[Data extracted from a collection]
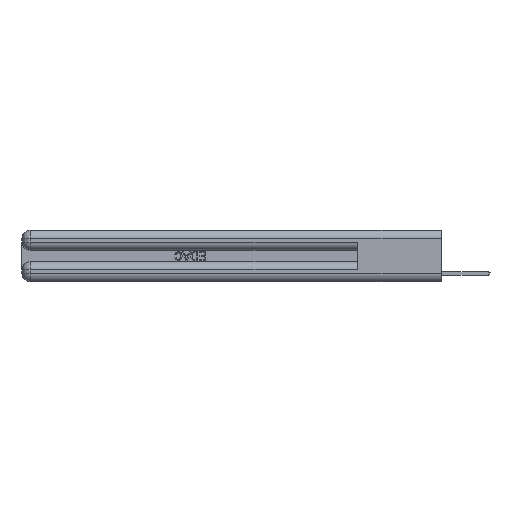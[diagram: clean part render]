
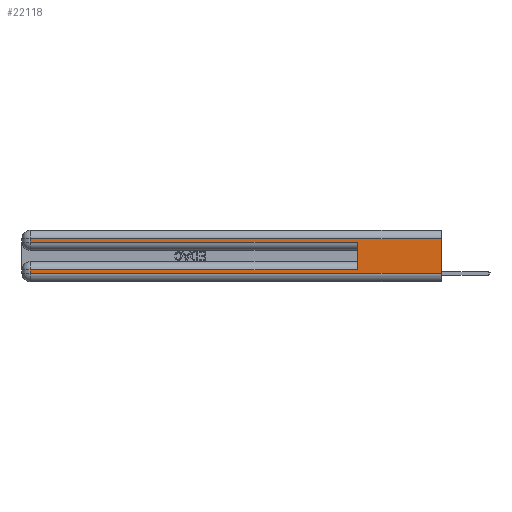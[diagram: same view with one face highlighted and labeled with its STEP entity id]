
A CAD part, left-side view. The second image highlights one B-rep face of the part: STEP entity #22118.
In plain terms, the highlighted planar face has unit normal (-1, 0, 0).
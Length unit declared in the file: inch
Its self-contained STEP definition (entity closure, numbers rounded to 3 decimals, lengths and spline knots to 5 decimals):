
#576 = DIRECTION ( 'NONE',  ( 0., -1., 0. ) ) ;
#821 = CARTESIAN_POINT ( 'NONE',  ( 0., 0.6, 0.145 ) ) ;
#824 = CARTESIAN_POINT ( 'NONE',  ( 0., 0.6, 0.285 ) ) ;
#1055 = EDGE_CURVE ( 'NONE', #16711, #18189, #3795, .T. ) ;
#1599 = ORIENTED_EDGE ( 'NONE', *, *, #25369, .T. ) ;
#2112 = ORIENTED_EDGE ( 'NONE', *, *, #25745, .T. ) ;
#2198 = CARTESIAN_POINT ( 'NONE',  ( 0., 0., 0.31 ) ) ;
#2684 = CARTESIAN_POINT ( 'NONE',  ( 0., 2.94, 0.285 ) ) ;
#2959 = LINE ( 'NONE', #10401, #23965 ) ;
#3795 = LINE ( 'NONE', #16474, #13736 ) ;
#4136 = DIRECTION ( 'NONE',  ( 0., 0., -1. ) ) ;
#4519 = VERTEX_POINT ( 'NONE', #2684 ) ;
#4586 = EDGE_CURVE ( 'NONE', #17487, #12626, #14756, .T. ) ;
#4646 = AXIS2_PLACEMENT_3D ( 'NONE', #24267, #22295, #4136 ) ;
#4833 = DIRECTION ( 'NONE',  ( 0., -1., 0. ) ) ;
#6026 = DIRECTION ( 'NONE',  ( 0., 0., -1. ) ) ;
#6633 = LINE ( 'NONE', #7023, #11743 ) ;
#6898 = EDGE_CURVE ( 'NONE', #16711, #24591, #22054, .T. ) ;
#6997 = CARTESIAN_POINT ( 'NONE',  ( 0., 0., 0.06 ) ) ;
#7023 = CARTESIAN_POINT ( 'NONE',  ( 0., 0., 0.285 ) ) ;
#7437 = VECTOR ( 'NONE', #18736, 39.37008 ) ;
#7907 = CARTESIAN_POINT ( 'NONE',  ( 0., 2.94, 0.31 ) ) ;
#8755 = CARTESIAN_POINT ( 'NONE',  ( 0., 2.94, 0.06 ) ) ;
#9178 = VERTEX_POINT ( 'NONE', #9804 ) ;
#9597 = CARTESIAN_POINT ( 'NONE',  ( 0., 0., 0.06 ) ) ;
#9804 = CARTESIAN_POINT ( 'NONE',  ( 0., 2.94, 0.085 ) ) ;
#10311 = DIRECTION ( 'NONE',  ( 0., 0., -1. ) ) ;
#10325 = DIRECTION ( 'NONE',  ( 0., 1., 0. ) ) ;
#10401 = CARTESIAN_POINT ( 'NONE',  ( 0., 0., 0.085 ) ) ;
#10595 = VECTOR ( 'NONE', #16850, 39.37008 ) ;
#11743 = VECTOR ( 'NONE', #4833, 39.37008 ) ;
#11899 = VECTOR ( 'NONE', #576, 39.37008 ) ;
#12608 = ORIENTED_EDGE ( 'NONE', *, *, #25282, .T. ) ;
#12626 = VERTEX_POINT ( 'NONE', #824 ) ;
#12836 = VECTOR ( 'NONE', #22993, 39.37008 ) ;
#13648 = PLANE ( 'NONE',  #4646 ) ;
#13736 = VECTOR ( 'NONE', #10311, 39.37008 ) ;
#14452 = LINE ( 'NONE', #16277, #16358 ) ;
#14756 = LINE ( 'NONE', #821, #12836 ) ;
#15245 = EDGE_LOOP ( 'NONE', ( #17376, #24639, #2112, #23427, #21518, #12608, #16097, #1599 ) ) ;
#15780 = LINE ( 'NONE', #24316, #7437 ) ;
#16097 = ORIENTED_EDGE ( 'NONE', *, *, #24631, .T. ) ;
#16277 = CARTESIAN_POINT ( 'NONE',  ( 0., 2.94, 0.37 ) ) ;
#16358 = VECTOR ( 'NONE', #6026, 39.37008 ) ;
#16474 = CARTESIAN_POINT ( 'NONE',  ( 0., 0., 0.37 ) ) ;
#16711 = VERTEX_POINT ( 'NONE', #2198 ) ;
#16850 = DIRECTION ( 'NONE',  ( 0., 1., 0. ) ) ;
#17326 = LINE ( 'NONE', #6997, #11899 ) ;
#17376 = ORIENTED_EDGE ( 'NONE', *, *, #1055, .F. ) ;
#17487 = VERTEX_POINT ( 'NONE', #26188 ) ;
#18189 = VERTEX_POINT ( 'NONE', #9597 ) ;
#18736 = DIRECTION ( 'NONE',  ( 0., 0., -1. ) ) ;
#21153 = CARTESIAN_POINT ( 'NONE',  ( 0., 0., 0.31 ) ) ;
#21518 = ORIENTED_EDGE ( 'NONE', *, *, #4586, .F. ) ;
#22054 = LINE ( 'NONE', #21153, #10595 ) ;
#22118 = ADVANCED_FACE ( 'NONE', ( #22237 ), #13648, .F. ) ;
#22237 = FACE_OUTER_BOUND ( 'NONE', #15245, .T. ) ;
#22295 = DIRECTION ( 'NONE',  ( 1., 0., 0. ) ) ;
#22436 = EDGE_CURVE ( 'NONE', #4519, #12626, #6633, .T. ) ;
#22993 = DIRECTION ( 'NONE',  ( 0., 0., 1. ) ) ;
#23427 = ORIENTED_EDGE ( 'NONE', *, *, #22436, .T. ) ;
#23965 = VECTOR ( 'NONE', #10325, 39.37008 ) ;
#24267 = CARTESIAN_POINT ( 'NONE',  ( 0., 0., 0.37 ) ) ;
#24316 = CARTESIAN_POINT ( 'NONE',  ( 0., 2.94, 0.37 ) ) ;
#24591 = VERTEX_POINT ( 'NONE', #7907 ) ;
#24631 = EDGE_CURVE ( 'NONE', #9178, #25875, #15780, .T. ) ;
#24639 = ORIENTED_EDGE ( 'NONE', *, *, #6898, .T. ) ;
#25282 = EDGE_CURVE ( 'NONE', #17487, #9178, #2959, .T. ) ;
#25369 = EDGE_CURVE ( 'NONE', #25875, #18189, #17326, .T. ) ;
#25745 = EDGE_CURVE ( 'NONE', #24591, #4519, #14452, .T. ) ;
#25875 = VERTEX_POINT ( 'NONE', #8755 ) ;
#26188 = CARTESIAN_POINT ( 'NONE',  ( 0., 0.6, 0.085 ) ) ;

* [What is needed]
Transcribe the records above from the line holding "#824 = CARTESIAN_POINT" down to the line holding "#6633 = LINE ( 'NONE', #7023, #11743 ) ;", inclusive, without adding anything.

* [Response below]
#824 = CARTESIAN_POINT ( 'NONE',  ( 0., 0.6, 0.285 ) ) ;
#1055 = EDGE_CURVE ( 'NONE', #16711, #18189, #3795, .T. ) ;
#1599 = ORIENTED_EDGE ( 'NONE', *, *, #25369, .T. ) ;
#2112 = ORIENTED_EDGE ( 'NONE', *, *, #25745, .T. ) ;
#2198 = CARTESIAN_POINT ( 'NONE',  ( 0., 0., 0.31 ) ) ;
#2684 = CARTESIAN_POINT ( 'NONE',  ( 0., 2.94, 0.285 ) ) ;
#2959 = LINE ( 'NONE', #10401, #23965 ) ;
#3795 = LINE ( 'NONE', #16474, #13736 ) ;
#4136 = DIRECTION ( 'NONE',  ( 0., 0., -1. ) ) ;
#4519 = VERTEX_POINT ( 'NONE', #2684 ) ;
#4586 = EDGE_CURVE ( 'NONE', #17487, #12626, #14756, .T. ) ;
#4646 = AXIS2_PLACEMENT_3D ( 'NONE', #24267, #22295, #4136 ) ;
#4833 = DIRECTION ( 'NONE',  ( 0., -1., 0. ) ) ;
#6026 = DIRECTION ( 'NONE',  ( 0., 0., -1. ) ) ;
#6633 = LINE ( 'NONE', #7023, #11743 ) ;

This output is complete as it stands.